▶ **Listed entries**:
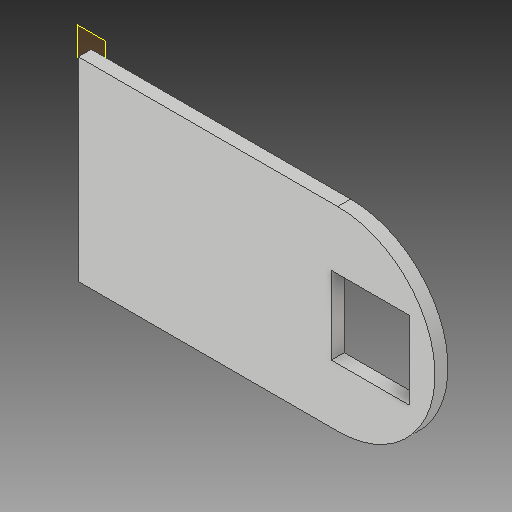
# Autodesk Inventor part: Основание
Saved by Autodesk Inventor 2018.3 (Build 223284000, 284)
## iProperties
Created: 1900-01-01
Part Number: Основание
Material: Типовые
Document SubType Name: Modeling
Designer: Leancher
Density: 1 g/cm^3
Appearance: По умолчанию
Author: Leancher
Revision Number: ANYUNSPECIFIED
Autodesk Inventor part; units mm, degrees
ref_plane "YZ Plane" through (0, 0, 0) normal (1, 0, 0) x (0, 1, 0)
ref_plane "XZ Plane" through (0, 0, 0) normal (0, 1, 0) x (-1, 0, 0)
ref_plane "XY Plane" through (0, 0, 0) normal (0, 0, 1) x (1, 0, 0)
ref_plane "РабПлоскость1" through (-120, 75, 10) normal (0, 0, 1) x (1, 0, 0)
sketch "Эскиз1" plane through (-120, 75, 10) normal (0, 0, 1) x (1, 0, 0)
  line L0 (199.9778, 0) -> (0, 0)
  line L1 (0, 0) -> (0, -150)
  line L2 (0, -150) -> (199.9778, -150)
  arc A0 (199.9778, -150) -> (199.9778, 0) centre (199.9778, -75) ccw
  line L3 (194.9778, -45) -> (194.9778, -105)
  line L4 (194.9778, -105) -> (254.9778, -105)
  line L5 (254.9778, -105) -> (254.9778, -45)
  line L6 (194.9778, -45) -> (254.9778, -45)
  dimension "d4" = 60
  dimension "d5" = 60
  constraints: 14 end point, 2 perpendicular, 2 point on circle, 1 centre point, 1 horizontal
  measures "d4" distance of L3.start L3.end
  measures "d5" distance of L3.end L4.end
extrude "Выдавливание1" add sketch "Эскиз1" along normal blind 10

▶ **Exercise prompt**: Pictures are to be left out, and the lines from the beginning of the records through the line with "line L4 (194.9778, -105)" are to be printed exactly, with nothing added.

▶ **Expected answer**:
# Autodesk Inventor part: Основание
Saved by Autodesk Inventor 2018.3 (Build 223284000, 284)
## iProperties
Created: 1900-01-01
Part Number: Основание
Material: Типовые
Document SubType Name: Modeling
Designer: Leancher
Density: 1 g/cm^3
Appearance: По умолчанию
Author: Leancher
Revision Number: ANYUNSPECIFIED
Autodesk Inventor part; units mm, degrees
ref_plane "YZ Plane" through (0, 0, 0) normal (1, 0, 0) x (0, 1, 0)
ref_plane "XZ Plane" through (0, 0, 0) normal (0, 1, 0) x (-1, 0, 0)
ref_plane "XY Plane" through (0, 0, 0) normal (0, 0, 1) x (1, 0, 0)
ref_plane "РабПлоскость1" through (-120, 75, 10) normal (0, 0, 1) x (1, 0, 0)
sketch "Эскиз1" plane through (-120, 75, 10) normal (0, 0, 1) x (1, 0, 0)
  line L0 (199.9778, 0) -> (0, 0)
  line L1 (0, 0) -> (0, -150)
  line L2 (0, -150) -> (199.9778, -150)
  arc A0 (199.9778, -150) -> (199.9778, 0) centre (199.9778, -75) ccw
  line L3 (194.9778, -45) -> (194.9778, -105)
  line L4 (194.9778, -105) -> (254.9778, -105)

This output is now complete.